**How to complete this task**:
Output only the lines below from the one containing "#129=ORIENTED_EDGE('',*,*,#128,.T.);" to the one containing "#138=ADVANCED_FACE('F252',(#137),#103,.T.);", exactly as written, both ends kept.

**Information provided**:
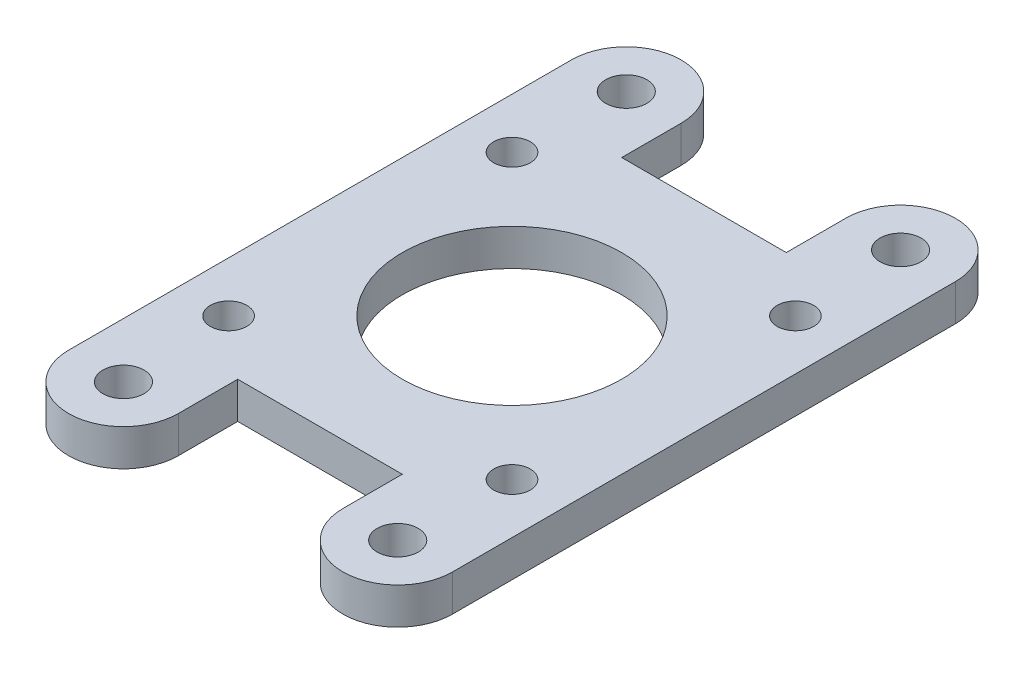
ISO-10303-21;
HEADER;
FILE_DESCRIPTION(('STEP AP214'),'2;1');
FILE_NAME('part.step','',(''),(''),'','','');
FILE_SCHEMA(('AUTOMOTIVE_DESIGN { 1 0 10303 214 1 1 1 1 }'));
ENDSEC;
DATA;
#1=APPLICATION_CONTEXT('core data for automotive mechanical design processes');
#2=APPLICATION_PROTOCOL_DEFINITION('international standard','automotive_design',2000,#1);
#3=PRODUCT_CONTEXT('',#1,'mechanical');
#4=PRODUCT('Part','Part','',(#3));
#5=PRODUCT_RELATED_PRODUCT_CATEGORY('part','',(#4));
#6=PRODUCT_DEFINITION_FORMATION('','',#4);
#7=PRODUCT_DEFINITION_CONTEXT('part definition',#1,'design');
#8=PRODUCT_DEFINITION('design','',#6,#7);
#9=PRODUCT_DEFINITION_SHAPE('','',#8);
#10=(LENGTH_UNIT() NAMED_UNIT(*) SI_UNIT(.MILLI.,.METRE.));
#11=(NAMED_UNIT(*) PLANE_ANGLE_UNIT() SI_UNIT($,.RADIAN.));
#12=(NAMED_UNIT(*) SI_UNIT($,.STERADIAN.) SOLID_ANGLE_UNIT());
#13=UNCERTAINTY_MEASURE_WITH_UNIT(LENGTH_MEASURE(1.E-05),#10,'distance_accuracy_value','');
#14=(GEOMETRIC_REPRESENTATION_CONTEXT(3) GLOBAL_UNCERTAINTY_ASSIGNED_CONTEXT((#13)) GLOBAL_UNIT_ASSIGNED_CONTEXT((#10,
#11,#12)) REPRESENTATION_CONTEXT('',''));
#15=CARTESIAN_POINT('',(0.,0.,0.));
#16=DIRECTION('',(0.,0.,1.));
#17=DIRECTION('',(1.,0.,0.));
#18=AXIS2_PLACEMENT_3D('',#15,#16,#17);
#19=CARTESIAN_POINT('',(-21.,-4.,-21.));
#20=DIRECTION('',(-1.,0.,0.));
#21=DIRECTION('',(0.,0.,1.));
#22=AXIS2_PLACEMENT_3D('',#19,#20,#21);
#23=PLANE('',#22);
#24=DIRECTION('',(0.,0.,1.));
#25=VECTOR('',#24,1.);
#26=CARTESIAN_POINT('',(-21.,0.,-21.));
#27=LINE('',#26,#25);
#28=CARTESIAN_POINT('',(-21.,0.,-27.5));
#29=VERTEX_POINT('',#28);
#30=CARTESIAN_POINT('',(-21.,0.,27.5));
#31=VERTEX_POINT('',#30);
#32=EDGE_CURVE('E230',#29,#31,#27,.T.);
#33=ORIENTED_EDGE('',*,*,#32,.F.);
#34=DIRECTION('',(0.,1.,0.));
#35=VECTOR('',#34,1.);
#36=CARTESIAN_POINT('',(-21.,-4.,-27.5));
#37=LINE('',#36,#35);
#38=CARTESIAN_POINT('',(-21.,-4.,-27.5));
#39=VERTEX_POINT('',#38);
#40=EDGE_CURVE('E208',#39,#29,#37,.T.);
#41=ORIENTED_EDGE('',*,*,#40,.F.);
#42=DIRECTION('',(0.,0.,1.));
#43=VECTOR('',#42,1.);
#44=CARTESIAN_POINT('',(-21.,-4.,-21.));
#45=LINE('',#44,#43);
#46=CARTESIAN_POINT('',(-21.,-4.,27.5));
#47=VERTEX_POINT('',#46);
#48=EDGE_CURVE('E231',#39,#47,#45,.T.);
#49=ORIENTED_EDGE('',*,*,#48,.T.);
#50=DIRECTION('',(0.,1.,0.));
#51=VECTOR('',#50,1.);
#52=CARTESIAN_POINT('',(-21.,-4.,27.5));
#53=LINE('',#52,#51);
#54=EDGE_CURVE('E221',#47,#31,#53,.T.);
#55=ORIENTED_EDGE('',*,*,#54,.T.);
#56=EDGE_LOOP('',(#33,#41,#49,#55));
#57=FACE_BOUND('',#56,.T.);
#58=ADVANCED_FACE('F48',(#57),#23,.T.);
#59=CARTESIAN_POINT('',(-21.,-4.,-21.));
#60=DIRECTION('',(0.,0.,-1.));
#61=DIRECTION('',(-1.,0.,0.));
#62=AXIS2_PLACEMENT_3D('',#59,#60,#61);
#63=PLANE('',#62);
#64=DIRECTION('',(0.,1.,0.));
#65=VECTOR('',#64,1.);
#66=CARTESIAN_POINT('',(8.99999999999997,-4.,-21.));
#67=LINE('',#66,#65);
#68=CARTESIAN_POINT('',(8.99999999999997,-4.,-21.));
#69=VERTEX_POINT('',#68);
#70=CARTESIAN_POINT('',(8.99999999999996,0.,-21.));
#71=VERTEX_POINT('',#70);
#72=EDGE_CURVE('E184',#69,#71,#67,.T.);
#73=ORIENTED_EDGE('',*,*,#72,.F.);
#74=DIRECTION('',(-1.,0.,0.));
#75=VECTOR('',#74,1.);
#76=CARTESIAN_POINT('',(-21.,-4.,-21.));
#77=LINE('',#76,#75);
#78=CARTESIAN_POINT('',(-8.99999999999999,-4.,-21.));
#79=VERTEX_POINT('',#78);
#80=EDGE_CURVE('E13',#69,#79,#77,.T.);
#81=ORIENTED_EDGE('',*,*,#80,.T.);
#82=DIRECTION('',(0.,-1.,0.));
#83=VECTOR('',#82,1.);
#84=CARTESIAN_POINT('',(-8.99999999999999,-4.,-21.));
#85=LINE('',#84,#83);
#86=CARTESIAN_POINT('',(-8.99999999999999,0.,-21.));
#87=VERTEX_POINT('',#86);
#88=EDGE_CURVE('E227',#87,#79,#85,.T.);
#89=ORIENTED_EDGE('',*,*,#88,.F.);
#90=DIRECTION('',(-1.,0.,0.));
#91=VECTOR('',#90,1.);
#92=CARTESIAN_POINT('',(-21.,0.,-21.));
#93=LINE('',#92,#91);
#94=EDGE_CURVE('E51',#71,#87,#93,.T.);
#95=ORIENTED_EDGE('',*,*,#94,.F.);
#96=EDGE_LOOP('',(#73,#81,#89,#95));
#97=FACE_BOUND('',#96,.T.);
#98=ADVANCED_FACE('F250',(#97),#63,.T.);
#99=CARTESIAN_POINT('',(21.,-4.,-21.));
#100=DIRECTION('',(1.,0.,0.));
#101=DIRECTION('',(0.,0.,-1.));
#102=AXIS2_PLACEMENT_3D('',#99,#100,#101);
#103=PLANE('',#102);
#104=DIRECTION('',(0.,0.,-1.));
#105=VECTOR('',#104,1.);
#106=CARTESIAN_POINT('',(21.,0.,-21.));
#107=LINE('',#106,#105);
#108=CARTESIAN_POINT('',(21.,0.,27.5));
#109=VERTEX_POINT('',#108);
#110=CARTESIAN_POINT('',(21.,0.,-27.5));
#111=VERTEX_POINT('',#110);
#112=EDGE_CURVE('E239',#109,#111,#107,.T.);
#113=ORIENTED_EDGE('',*,*,#112,.F.);
#114=DIRECTION('',(0.,1.,0.));
#115=VECTOR('',#114,1.);
#116=CARTESIAN_POINT('',(21.,-4.,27.5));
#117=LINE('',#116,#115);
#118=CARTESIAN_POINT('',(21.,-4.,27.5));
#119=VERTEX_POINT('',#118);
#120=EDGE_CURVE('E178',#119,#109,#117,.T.);
#121=ORIENTED_EDGE('',*,*,#120,.F.);
#122=DIRECTION('',(0.,0.,-1.));
#123=VECTOR('',#122,1.);
#124=CARTESIAN_POINT('',(21.,-4.,-21.));
#125=LINE('',#124,#123);
#126=CARTESIAN_POINT('',(21.,-4.,-27.5));
#127=VERTEX_POINT('',#126);
#128=EDGE_CURVE('E56',#119,#127,#125,.T.);
#129=ORIENTED_EDGE('',*,*,#128,.T.);
#130=DIRECTION('',(0.,1.,0.));
#131=VECTOR('',#130,1.);
#132=CARTESIAN_POINT('',(21.,-4.,-27.5));
#133=LINE('',#132,#131);
#134=EDGE_CURVE('E160',#127,#111,#133,.T.);
#135=ORIENTED_EDGE('',*,*,#134,.T.);
#136=EDGE_LOOP('',(#113,#121,#129,#135));
#137=FACE_BOUND('',#136,.T.);
#138=ADVANCED_FACE('F252',(#137),#103,.T.);
#139=CARTESIAN_POINT('',(-21.,-4.,21.));
#140=DIRECTION('',(0.,0.,1.));
#141=DIRECTION('',(1.,0.,0.));
#142=AXIS2_PLACEMENT_3D('',#139,#140,#141);
#143=PLANE('',#142);
#144=DIRECTION('',(0.,-1.,0.));
#145=VECTOR('',#144,1.);
#146=CARTESIAN_POINT('',(8.99999999999997,-4.,21.));
#147=LINE('',#146,#145);
#148=CARTESIAN_POINT('',(8.99999999999997,0.,21.));
#149=VERTEX_POINT('',#148);
#150=CARTESIAN_POINT('',(8.99999999999997,-4.,21.));
#151=VERTEX_POINT('',#150);
#152=EDGE_CURVE('E177',#149,#151,#147,.T.);
#153=ORIENTED_EDGE('',*,*,#152,.F.);
#154=DIRECTION('',(1.,0.,0.));
#155=VECTOR('',#154,1.);
#156=CARTESIAN_POINT('',(-21.,0.,21.));
#157=LINE('',#156,#155);
#158=CARTESIAN_POINT('',(-8.99999999999999,0.,21.));
#159=VERTEX_POINT('',#158);
#160=EDGE_CURVE('E238',#159,#149,#157,.T.);
#161=ORIENTED_EDGE('',*,*,#160,.F.);
#162=DIRECTION('',(0.,1.,0.));
#163=VECTOR('',#162,1.);
#164=CARTESIAN_POINT('',(-8.99999999999999,-4.,21.));
#165=LINE('',#164,#163);
#166=CARTESIAN_POINT('',(-8.99999999999999,-4.,21.));
#167=VERTEX_POINT('',#166);
#168=EDGE_CURVE('E218',#167,#159,#165,.T.);
#169=ORIENTED_EDGE('',*,*,#168,.F.);
#170=DIRECTION('',(1.,0.,0.));
#171=VECTOR('',#170,1.);
#172=CARTESIAN_POINT('',(-21.,-4.,21.));
#173=LINE('',#172,#171);
#174=EDGE_CURVE('E233',#167,#151,#173,.T.);
#175=ORIENTED_EDGE('',*,*,#174,.T.);
#176=EDGE_LOOP('',(#153,#161,#169,#175));
#177=FACE_BOUND('',#176,.T.);
#178=ADVANCED_FACE('F258',(#177),#143,.T.);
#179=CARTESIAN_POINT('',(0.,-4.,0.));
#180=DIRECTION('',(0.,1.,0.));
#181=DIRECTION('',(0.,0.,1.));
#182=AXIS2_PLACEMENT_3D('',#179,#180,#181);
#183=PLANE('',#182);
#184=CARTESIAN_POINT('',(-15.5,-4.,-15.5));
#185=DIRECTION('',(0.,1.,0.));
#186=DIRECTION('',(0.,0.,1.));
#187=AXIS2_PLACEMENT_3D('',#184,#185,#186);
#188=CIRCLE('',#187,2.);
#189=CARTESIAN_POINT('',(-15.5,-4.,-13.5));
#190=VERTEX_POINT('',#189);
#191=EDGE_CURVE('E351',#190,#190,#188,.T.);
#192=ORIENTED_EDGE('',*,*,#191,.T.);
#193=EDGE_LOOP('',(#192));
#194=FACE_BOUND('',#193,.T.);
#195=CARTESIAN_POINT('',(-15.5,-4.,15.5));
#196=DIRECTION('',(0.,1.,0.));
#197=DIRECTION('',(0.,0.,1.));
#198=AXIS2_PLACEMENT_3D('',#195,#196,#197);
#199=CIRCLE('',#198,2.);
#200=CARTESIAN_POINT('',(-15.5,-4.,17.5));
#201=VERTEX_POINT('',#200);
#202=EDGE_CURVE('E360',#201,#201,#199,.T.);
#203=ORIENTED_EDGE('',*,*,#202,.T.);
#204=EDGE_LOOP('',(#203));
#205=FACE_BOUND('',#204,.T.);
#206=CARTESIAN_POINT('',(15.5,-4.,15.5));
#207=DIRECTION('',(0.,1.,0.));
#208=DIRECTION('',(0.,0.,1.));
#209=AXIS2_PLACEMENT_3D('',#206,#207,#208);
#210=CIRCLE('',#209,2.);
#211=CARTESIAN_POINT('',(15.5,-4.,17.5));
#212=VERTEX_POINT('',#211);
#213=EDGE_CURVE('E366',#212,#212,#210,.T.);
#214=ORIENTED_EDGE('',*,*,#213,.T.);
#215=EDGE_LOOP('',(#214));
#216=FACE_BOUND('',#215,.T.);
#217=CARTESIAN_POINT('',(15.5,-4.,-15.5));
#218=DIRECTION('',(0.,1.,0.));
#219=DIRECTION('',(0.,0.,1.));
#220=AXIS2_PLACEMENT_3D('',#217,#218,#219);
#221=CIRCLE('',#220,2.);
#222=CARTESIAN_POINT('',(15.5,-4.,-13.5));
#223=VERTEX_POINT('',#222);
#224=EDGE_CURVE('E372',#223,#223,#221,.T.);
#225=ORIENTED_EDGE('',*,*,#224,.T.);
#226=EDGE_LOOP('',(#225));
#227=FACE_BOUND('',#226,.T.);
#228=CARTESIAN_POINT('',(0.,-4.,0.));
#229=DIRECTION('',(0.,1.,0.));
#230=DIRECTION('',(0.,0.,1.));
#231=AXIS2_PLACEMENT_3D('',#228,#229,#230);
#232=CIRCLE('',#231,12.);
#233=CARTESIAN_POINT('',(0.,-4.,12.));
#234=VERTEX_POINT('',#233);
#235=EDGE_CURVE('E378',#234,#234,#232,.T.);
#236=ORIENTED_EDGE('',*,*,#235,.T.);
#237=EDGE_LOOP('',(#236));
#238=FACE_BOUND('',#237,.T.);
#239=ORIENTED_EDGE('',*,*,#80,.F.);
#240=DIRECTION('',(0.,0.,1.));
#241=VECTOR('',#240,1.);
#242=CARTESIAN_POINT('',(8.99999999999997,-4.,-27.5));
#243=LINE('',#242,#241);
#244=CARTESIAN_POINT('',(8.99999999999997,-4.,-27.5));
#245=VERTEX_POINT('',#244);
#246=EDGE_CURVE('E140',#245,#69,#243,.T.);
#247=ORIENTED_EDGE('',*,*,#246,.F.);
#248=CARTESIAN_POINT('',(15.,-4.,-27.5));
#249=DIRECTION('',(0.,1.,0.));
#250=DIRECTION('',(0.,0.,1.));
#251=AXIS2_PLACEMENT_3D('',#248,#249,#250);
#252=CIRCLE('',#251,6.00000000000002);
#253=EDGE_CURVE('E153',#127,#245,#252,.T.);
#254=ORIENTED_EDGE('',*,*,#253,.F.);
#255=ORIENTED_EDGE('',*,*,#128,.F.);
#256=CARTESIAN_POINT('',(15.,-4.,27.5));
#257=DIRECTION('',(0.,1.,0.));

**Result of this task**:
#129=ORIENTED_EDGE('',*,*,#128,.T.);
#130=DIRECTION('',(0.,1.,0.));
#131=VECTOR('',#130,1.);
#132=CARTESIAN_POINT('',(21.,-4.,-27.5));
#133=LINE('',#132,#131);
#134=EDGE_CURVE('E160',#127,#111,#133,.T.);
#135=ORIENTED_EDGE('',*,*,#134,.T.);
#136=EDGE_LOOP('',(#113,#121,#129,#135));
#137=FACE_BOUND('',#136,.T.);
#138=ADVANCED_FACE('F252',(#137),#103,.T.);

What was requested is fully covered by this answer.